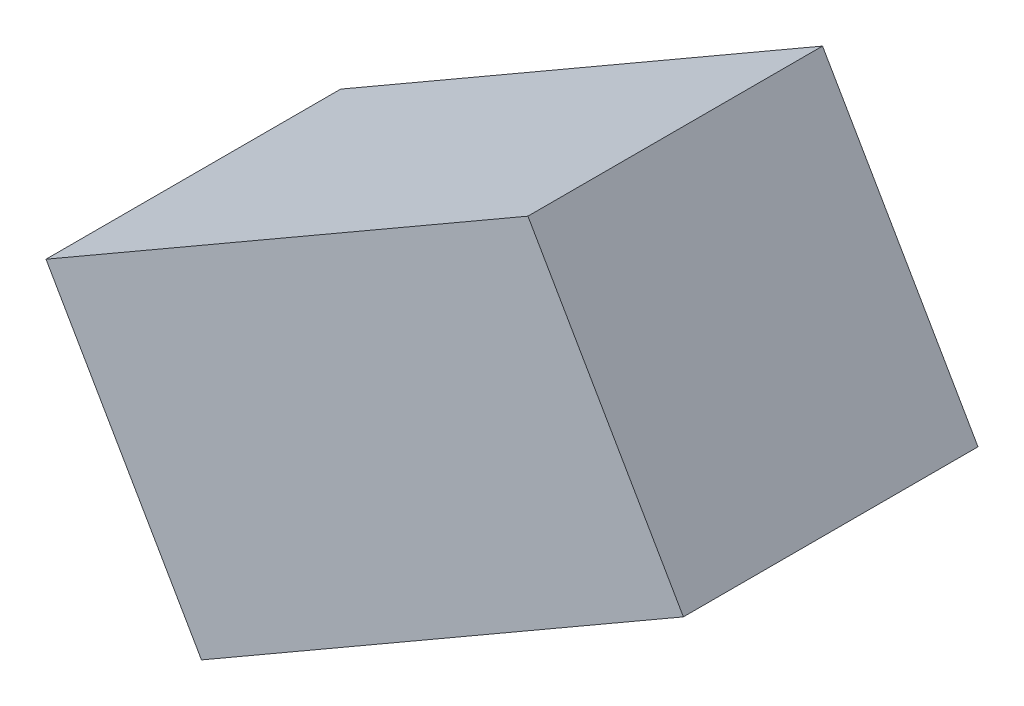
ISO-10303-21;
HEADER;
FILE_DESCRIPTION(('STEP AP214'),'2;1');
FILE_NAME('part.step','',(''),(''),'','','');
FILE_SCHEMA(('AUTOMOTIVE_DESIGN { 1 0 10303 214 1 1 1 1 }'));
ENDSEC;
DATA;
#1=APPLICATION_CONTEXT('core data for automotive mechanical design processes');
#2=APPLICATION_PROTOCOL_DEFINITION('international standard','automotive_design',2000,#1);
#3=PRODUCT_CONTEXT('',#1,'mechanical');
#4=PRODUCT('Part','Part','',(#3));
#5=PRODUCT_RELATED_PRODUCT_CATEGORY('part','',(#4));
#6=PRODUCT_DEFINITION_FORMATION('','',#4);
#7=PRODUCT_DEFINITION_CONTEXT('part definition',#1,'design');
#8=PRODUCT_DEFINITION('design','',#6,#7);
#9=PRODUCT_DEFINITION_SHAPE('','',#8);
#10=(LENGTH_UNIT() NAMED_UNIT(*) SI_UNIT(.MILLI.,.METRE.));
#11=(NAMED_UNIT(*) PLANE_ANGLE_UNIT() SI_UNIT($,.RADIAN.));
#12=(NAMED_UNIT(*) SI_UNIT($,.STERADIAN.) SOLID_ANGLE_UNIT());
#13=UNCERTAINTY_MEASURE_WITH_UNIT(LENGTH_MEASURE(1.E-05),#10,'distance_accuracy_value','');
#14=(GEOMETRIC_REPRESENTATION_CONTEXT(3) GLOBAL_UNCERTAINTY_ASSIGNED_CONTEXT((#13)) GLOBAL_UNIT_ASSIGNED_CONTEXT((#10,
#11,#12)) REPRESENTATION_CONTEXT('',''));
#15=CARTESIAN_POINT('',(0.,0.,0.));
#16=DIRECTION('',(0.,0.,1.));
#17=DIRECTION('',(1.,0.,0.));
#18=AXIS2_PLACEMENT_3D('',#15,#16,#17);
#19=CARTESIAN_POINT('',(-0.49862232,-0.83636104,0.90000074));
#20=DIRECTION('',(0.,0.,-1.));
#21=DIRECTION('',(-1.,0.,0.));
#22=AXIS2_PLACEMENT_3D('',#19,#20,#21);
#23=PLANE('',#22);
#24=DIRECTION('',(0.500000413801082,-0.866025164876141,0.));
#25=VECTOR('',#24,1.);
#26=CARTESIAN_POINT('',(0.97362264,0.01363979999999,0.90000074));
#27=LINE('',#26,#25);
#28=CARTESIAN_POINT('',(0.973622640000073,0.0136397999998627,0.90000074));
#29=VERTEX_POINT('',#28);
#30=CARTESIAN_POINT('',(0.498622320000048,0.836363580000028,0.90000074));
#31=VERTEX_POINT('',#30);
#32=EDGE_CURVE('E54',#29,#31,#27,.F.);
#33=ORIENTED_EDGE('',*,*,#32,.T.);
#34=DIRECTION('',(0.86602507711416,0.500000565809093,0.));
#35=VECTOR('',#34,1.);
#36=CARTESIAN_POINT('',(0.49862232,0.83636358,0.90000074));
#37=LINE('',#36,#35);
#38=CARTESIAN_POINT('',(-0.973620099999994,-0.0136372600000101,0.90000074));
#39=VERTEX_POINT('',#38);
#40=EDGE_CURVE('E56',#31,#39,#37,.F.);
#41=ORIENTED_EDGE('',*,*,#40,.T.);
#42=DIRECTION('',(-0.499998408535102,0.866026322615176,0.));
#43=VECTOR('',#42,1.);
#44=CARTESIAN_POINT('',(-0.9736201,-0.01363726,0.90000074));
#45=LINE('',#44,#43);
#46=CARTESIAN_POINT('',(-0.498622319999909,-0.836361039999947,0.90000074));
#47=VERTEX_POINT('',#46);
#48=EDGE_CURVE('E19',#39,#47,#45,.F.);
#49=ORIENTED_EDGE('',*,*,#48,.T.);
#50=DIRECTION('',(-0.866025450643935,-0.499999918836963,0.));
#51=VECTOR('',#50,1.);
#52=CARTESIAN_POINT('',(-0.49862232,-0.83636104,0.90000074));
#53=LINE('',#52,#51);
#54=EDGE_CURVE('E79',#47,#29,#53,.F.);
#55=ORIENTED_EDGE('',*,*,#54,.T.);
#56=EDGE_LOOP('',(#33,#41,#49,#55));
#57=FACE_BOUND('',#56,.T.);
#58=ADVANCED_FACE('F16',(#57),#23,.F.);
#59=CARTESIAN_POINT('',(-0.9736201,-0.01363726,0.));
#60=DIRECTION('',(0.866026322615176,0.499998408535102,0.));
#61=DIRECTION('',(-0.499998408535102,0.866026322615176,0.));
#62=AXIS2_PLACEMENT_3D('',#59,#60,#61);
#63=PLANE('',#62);
#64=DIRECTION('',(0.,0.,1.));
#65=VECTOR('',#64,1.);
#66=CARTESIAN_POINT('',(-0.49862232,-0.83636104,0.));
#67=LINE('',#66,#65);
#68=CARTESIAN_POINT('',(-0.498622319999909,-0.836361039999947,0.));
#69=VERTEX_POINT('',#68);
#70=EDGE_CURVE('E67',#69,#47,#67,.T.);
#71=ORIENTED_EDGE('',*,*,#70,.T.);
#72=ORIENTED_EDGE('',*,*,#48,.F.);
#73=DIRECTION('',(0.,0.,1.));
#74=VECTOR('',#73,1.);
#75=CARTESIAN_POINT('',(-0.973620099999977,-0.0136372600000406,0.));
#76=LINE('',#75,#74);
#77=CARTESIAN_POINT('',(-0.973620099999994,-0.0136372600000101,0.));
#78=VERTEX_POINT('',#77);
#79=EDGE_CURVE('E62',#39,#78,#76,.F.);
#80=ORIENTED_EDGE('',*,*,#79,.T.);
#81=DIRECTION('',(-0.49999840853491,0.866026322615287,0.));
#82=VECTOR('',#81,1.);
#83=CARTESIAN_POINT('',(-0.49862232,-0.83636104,0.));
#84=LINE('',#83,#82);
#85=EDGE_CURVE('E82',#69,#78,#84,.T.);
#86=ORIENTED_EDGE('',*,*,#85,.F.);
#87=EDGE_LOOP('',(#71,#72,#80,#86));
#88=FACE_BOUND('',#87,.T.);
#89=ADVANCED_FACE('F64',(#88),#63,.F.);
#90=CARTESIAN_POINT('',(0.49862232,0.83636358,0.));
#91=DIRECTION('',(0.500000565809093,-0.86602507711416,0.));
#92=DIRECTION('',(0.86602507711416,0.500000565809093,0.));
#93=AXIS2_PLACEMENT_3D('',#90,#91,#92);
#94=PLANE('',#93);
#95=ORIENTED_EDGE('',*,*,#79,.F.);
#96=ORIENTED_EDGE('',*,*,#40,.F.);
#97=DIRECTION('',(0.,0.,1.));
#98=VECTOR('',#97,1.);
#99=CARTESIAN_POINT('',(0.498622320000195,0.836363580000112,0.));
#100=LINE('',#99,#98);
#101=CARTESIAN_POINT('',(0.498622320000049,0.836363580000028,0.));
#102=VERTEX_POINT('',#101);
#103=EDGE_CURVE('E74',#31,#102,#100,.F.);
#104=ORIENTED_EDGE('',*,*,#103,.T.);
#105=DIRECTION('',(0.866025077114174,0.500000565809069,0.));
#106=VECTOR('',#105,1.);
#107=CARTESIAN_POINT('',(-0.9736201,-0.01363726,0.));
#108=LINE('',#107,#106);
#109=EDGE_CURVE('E71',#78,#102,#108,.T.);
#110=ORIENTED_EDGE('',*,*,#109,.F.);
#111=EDGE_LOOP('',(#95,#96,#104,#110));
#112=FACE_BOUND('',#111,.T.);
#113=ADVANCED_FACE('F69',(#112),#94,.F.);
#114=CARTESIAN_POINT('',(0.97362264,0.01363979999999,0.));
#115=DIRECTION('',(-0.866025164876141,-0.500000413801082,0.));
#116=DIRECTION('',(0.500000413801082,-0.866025164876141,0.));
#117=AXIS2_PLACEMENT_3D('',#114,#115,#116);
#118=PLANE('',#117);
#119=ORIENTED_EDGE('',*,*,#103,.F.);
#120=ORIENTED_EDGE('',*,*,#32,.F.);
#121=DIRECTION('',(0.,0.,1.));
#122=VECTOR('',#121,1.);
#123=CARTESIAN_POINT('',(0.973622640000294,0.0136397999994812,0.));
#124=LINE('',#123,#122);
#125=CARTESIAN_POINT('',(0.973622640000073,0.0136397999998628,0.));
#126=VERTEX_POINT('',#125);
#127=EDGE_CURVE('E34',#29,#126,#124,.F.);
#128=ORIENTED_EDGE('',*,*,#127,.T.);
#129=DIRECTION('',(0.500000413801286,-0.866025164876023,0.));
#130=VECTOR('',#129,1.);
#131=CARTESIAN_POINT('',(0.49862232,0.83636358,0.));
#132=LINE('',#131,#130);
#133=EDGE_CURVE('E25',#102,#126,#132,.T.);
#134=ORIENTED_EDGE('',*,*,#133,.F.);
#135=EDGE_LOOP('',(#119,#120,#128,#134));
#136=FACE_BOUND('',#135,.T.);
#137=ADVANCED_FACE('F88',(#136),#118,.F.);
#138=CARTESIAN_POINT('',(-0.49862232,-0.83636104,0.));
#139=DIRECTION('',(-0.499999918836963,0.866025450643935,0.));
#140=DIRECTION('',(-0.866025450643935,-0.499999918836963,0.));
#141=AXIS2_PLACEMENT_3D('',#138,#139,#140);
#142=PLANE('',#141);
#143=ORIENTED_EDGE('',*,*,#127,.F.);
#144=ORIENTED_EDGE('',*,*,#54,.F.);
#145=ORIENTED_EDGE('',*,*,#70,.F.);
#146=DIRECTION('',(-0.866025450643762,-0.499999918837262,0.));
#147=VECTOR('',#146,1.);
#148=CARTESIAN_POINT('',(0.97362264,0.0136397999999901,0.));
#149=LINE('',#148,#147);
#150=EDGE_CURVE('E11',#126,#69,#149,.T.);
#151=ORIENTED_EDGE('',*,*,#150,.F.);
#152=EDGE_LOOP('',(#143,#144,#145,#151));
#153=FACE_BOUND('',#152,.T.);
#154=ADVANCED_FACE('F90',(#153),#142,.F.);
#155=CARTESIAN_POINT('',(-0.49862232,-0.83636104,0.));
#156=DIRECTION('',(0.,0.,-1.));
#157=DIRECTION('',(-1.,0.,0.));
#158=AXIS2_PLACEMENT_3D('',#155,#156,#157);
#159=PLANE('',#158);
#160=ORIENTED_EDGE('',*,*,#133,.T.);
#161=ORIENTED_EDGE('',*,*,#150,.T.);
#162=ORIENTED_EDGE('',*,*,#85,.T.);
#163=ORIENTED_EDGE('',*,*,#109,.T.);
#164=EDGE_LOOP('',(#160,#161,#162,#163));
#165=FACE_BOUND('',#164,.T.);
#166=ADVANCED_FACE('F87',(#165),#159,.T.);
#167=CLOSED_SHELL('',(#58,#89,#113,#137,#154,#166));
#168=MANIFOLD_SOLID_BREP('B1',#167);
#169=ADVANCED_BREP_SHAPE_REPRESENTATION('',(#18,#168),#14);
#170=SHAPE_DEFINITION_REPRESENTATION(#9,#169);
ENDSEC;
END-ISO-10303-21;

TASK INSTRUCTIONS = What you give back should be only the lines of the records above, starting at the line with "#114=CARTESIAN_POINT('',(0.97362264,0.01363979999999,0.));" and ending at the line with "#131=CARTESIAN_POINT('',(0.49862232,0.83636358,0.));", restated word for word.

ANSWER SPACE =
#114=CARTESIAN_POINT('',(0.97362264,0.01363979999999,0.));
#115=DIRECTION('',(-0.866025164876141,-0.500000413801082,0.));
#116=DIRECTION('',(0.500000413801082,-0.866025164876141,0.));
#117=AXIS2_PLACEMENT_3D('',#114,#115,#116);
#118=PLANE('',#117);
#119=ORIENTED_EDGE('',*,*,#103,.F.);
#120=ORIENTED_EDGE('',*,*,#32,.F.);
#121=DIRECTION('',(0.,0.,1.));
#122=VECTOR('',#121,1.);
#123=CARTESIAN_POINT('',(0.973622640000294,0.0136397999994812,0.));
#124=LINE('',#123,#122);
#125=CARTESIAN_POINT('',(0.973622640000073,0.0136397999998628,0.));
#126=VERTEX_POINT('',#125);
#127=EDGE_CURVE('E34',#29,#126,#124,.F.);
#128=ORIENTED_EDGE('',*,*,#127,.T.);
#129=DIRECTION('',(0.500000413801286,-0.866025164876023,0.));
#130=VECTOR('',#129,1.);
#131=CARTESIAN_POINT('',(0.49862232,0.83636358,0.));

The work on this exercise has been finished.